While environmental impacts are harmful, the impacts towards local livelihoods, the economy, women and the government are also significant. The immediate economic impact of land acquisition through deforestation will most likely be felt by the local communities in Gabon. A number of local communities rely on the forests and the natural environment to carry out traditional activities such as fishing and hunting to sustain their livelihoods. These communities will continue to come under severe strain as a result of progressive deforestation. Economically, jobs are created, and income is generated for labourers. On its own plantations, Olam employs a number of locals and pays them comparatively more, thereby injecting money into the economy. This is however, below the per capita income in Gabon.
Further, the skills needed are very basic and there is no effort to improve the capabilities of the farm workers. Therefore, the quality of life in the long run does not improve drastically. Additionally, land acquisition was found to obstruct women from their daily tasks that involve access to forest lands as in many African countries. Women remain unemployed, and remain tasked with household duties, and therefore do not benefit from FDI in Gabon. In Ghana, for example, women have lost traditional sources of income through shea trees (used for making shea butter) that have been destroyed for agricultural investments. Similarly, loss of forests in Gabon could deprive women of cultural traditions. Compensation schemes typically do not take into account such losses to women’s livelihoods (Kachika, 2011).
A significant weakness in Gabon’s model is the local laws and the level of protection provided to local communities. The laws are investor friendly and do little to protect the rights of their people. Their land rights are unprotected, and access to public land is prohibited once leased to an investor. In the long run, future investors could be using valuable land in a manner that puts local communities at risk.
The Gabon government’s investments and spending also are focussed towards supporting the needs of its foreign investors as opposed to the alleviation of poverty. As an example, infrastructure such as access roads to the plantations and mills have been built to benefit investors. While these benefit the country overall, they are not specifically built with the intention of alleviating poverty, to benefit locals. In order to truly eradicate poverty and improve equality, the government would have to re-examine and re-prioritize its investments in a manner that the rural population and local communities also benefit from improvements to their health, education and living standards.
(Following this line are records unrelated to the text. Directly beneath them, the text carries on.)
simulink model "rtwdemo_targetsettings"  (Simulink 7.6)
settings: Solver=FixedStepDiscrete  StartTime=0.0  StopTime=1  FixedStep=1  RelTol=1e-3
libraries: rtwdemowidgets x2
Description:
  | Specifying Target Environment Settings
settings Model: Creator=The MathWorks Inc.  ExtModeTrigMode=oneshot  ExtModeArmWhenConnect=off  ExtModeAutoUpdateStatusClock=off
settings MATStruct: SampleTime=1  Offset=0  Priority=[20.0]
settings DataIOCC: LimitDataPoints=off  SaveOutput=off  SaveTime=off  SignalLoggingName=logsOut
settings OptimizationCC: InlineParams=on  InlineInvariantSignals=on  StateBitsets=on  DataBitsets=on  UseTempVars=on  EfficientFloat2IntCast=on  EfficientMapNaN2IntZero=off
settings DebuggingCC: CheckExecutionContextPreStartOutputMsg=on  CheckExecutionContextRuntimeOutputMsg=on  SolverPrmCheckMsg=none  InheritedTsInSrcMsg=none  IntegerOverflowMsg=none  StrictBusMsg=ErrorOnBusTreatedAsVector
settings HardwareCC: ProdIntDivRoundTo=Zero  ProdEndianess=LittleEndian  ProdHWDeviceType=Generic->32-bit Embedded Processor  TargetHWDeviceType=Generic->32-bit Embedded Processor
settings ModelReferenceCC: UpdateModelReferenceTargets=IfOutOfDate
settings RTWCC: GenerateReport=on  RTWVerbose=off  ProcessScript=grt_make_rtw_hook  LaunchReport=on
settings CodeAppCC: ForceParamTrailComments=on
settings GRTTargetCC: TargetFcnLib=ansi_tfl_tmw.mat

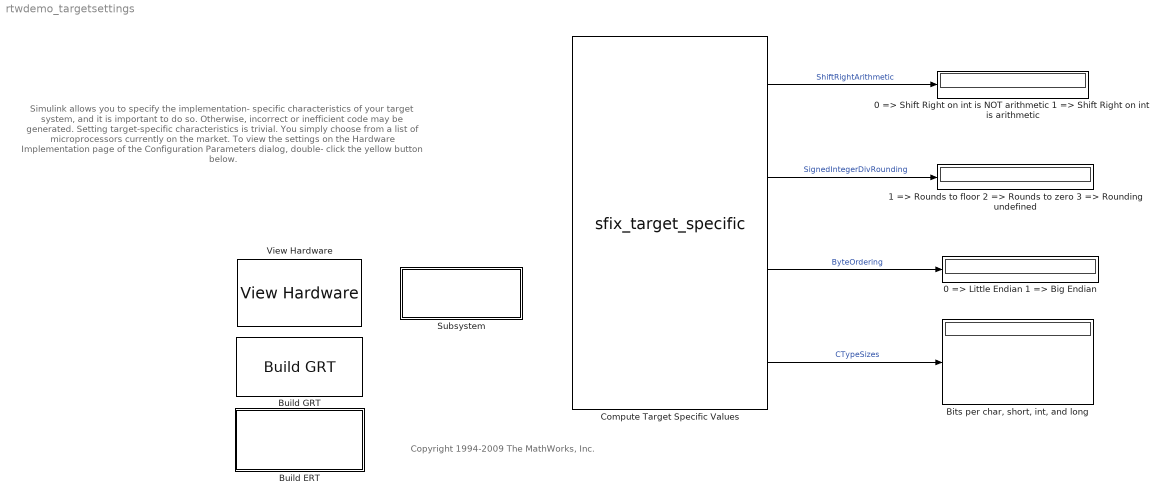
== system rtwdemo_targetsettings ==
  note: Simulink allows you to specify the implementation-
      | specific characteristics of your target system, and
      | it is important to do so.  Otherwise, incorrect or
      | inefficient code may be generated.
      |
      | Setting target-specific characteristics is trivial.
      | You simply choose from a list of microprocessors
      | currently on the market.
      |
      | To view the settings on the Hardware Implementation
      | page of the Configuration Parameters dialog, double-
      | click the yellow button below.
  note: Copyright 1994-2009 The MathWorks, Inc.
  "0 => Little Endian 1 => Big Endian   " : Display
  "0 => Shift Right on int is NOT arithmetic 1 => Shift Right on int is arithmetic    " : Display
  1 => Rounds to floor 2 => Rounds to zero 3 => Rounding undefined : Display
  "Bits per char, short, int, and long" : Display
  Build ERT : Subsystem  mask{attrib_overrides={}}
      mask prompts: attrib_overrides "List of attributes to preserve (cell of strings):"
      mask help: Enter the attributes of the configuration set that you want preserved. Otherwise, the default configuration script will override your current settings.
      settings: OpenFcn=|
      | model=bdroot;
      |                   overrides=get_param(gcb,'attrib_overrides');
      | try
      |   rtwconfiguredemo(model,'noop',false,overrides);
      |   rtwbuilddemomodel(model);
      | catch
      |   error(lasterr);
      | end
      |   clear model overrides;
      mask Display:
      | disp(['Generate Code Using\n',...
      | 	  'Real-Time Workshop\n',...
      | 	  'Embedded Coder\n'...
      | 	  '(double-click)'])
  Build GRT : rtwdemowidgets/Build GRT  SystemSampleTime=-1  attrib_overrides={}
  Compute Target Specific Values : S-Function  FunctionName=sfix_target_specific  EnableBusSupport=off
      mask Type: Fixed-Point Target Specific
      mask Description: Used to get information about a fixed point target compiler/processor.
      mask Help: helpview([docroot '/toolbox/rtw/helptargets.map'], 'rtw_hardware_implementation');
      mask Display:
      | port_label('output',1,'Shift Right on int is arithmetic' );
      | port_label('output',2,'Signed integer division rounding' );
      | port_label('output',3,'Byte ordering' );
      | port_label('output',4,'Bits per char, short, int, long' );
  Subsystem : Subsystem
      mask Display: disp(['My microprocessor\nis not listed ..','.        '])
  View Hardware : rtwdemowidgets/View Hardware  SystemSampleTime=-1
  wires:
  Compute Target Specific Values/3 -> "0 => Little Endian 1 => Big Endian   "/1  "ByteOrdering"
  Compute Target Specific Values/4 -> "Bits per char, short, int, and long"/1  "CTypeSizes"
  Compute Target Specific Values/1 -> "0 => Shift Right on int is NOT arithmetic 1 => Shift Right on int is arithmetic    "/1  "ShiftRightArithmetic"
  Compute Target Specific Values/2 -> 1 => Rounds to floor 2 => Rounds to zero 3 => Rounding undefined/1  "SignedIntegerDivRounding"

== system rtwdemo_targetsettings/Build ERT ==

== system rtwdemo_targetsettings/Subsystem ==
  note: If your system is not listed and you are not certain of its values, use the code generated
      | by this model to compute the necessary C compiler and target hardware settings.
      |
      | If you use a cross-development system that includes a source level debugger, first
      | configure the model for your intended target. Then generate code and build an executable
      | using your target development system (for more details about retrieving file and path
      | information, see the documentation on the Real-Time Workshop Build Information API).
      | Download the executable to the target and set breakpoints at the model output code for
      | each of the outports of the model.  Run a debugging session and observe the behavior
      | of the code as it executes on the target. As you step through the code the values for the
      | various characteristics are computed.
      |
      | If your target development system does not support source level debugging, you may have to
      | generate code and add printf statements or other code that enables you to obtain the
      | results.
      |
      | Once you've obtained your target settings, enter them into the Hardware Implementation
      | page via a 'Generic->Custom' device type.

There must be an effort to help communities enhance their capabilities as part of this process.
The model has allowed the Government to generate income and an alternative to the country’s dependence on fuel. Therefore, Olam’s projects in Gabon are seen as a success by the external world. The political stability of Gabon, the resources available and a favourable legal framework make it attractive for investors to invest in similar projects. While this will lead to more monetary benefit for the Government, it will also increase the pressure on local communities and their livelihoods. This leaves those impacted more vulnerable to losing income, and therefore, further perpetuating a sense of inequality within a community.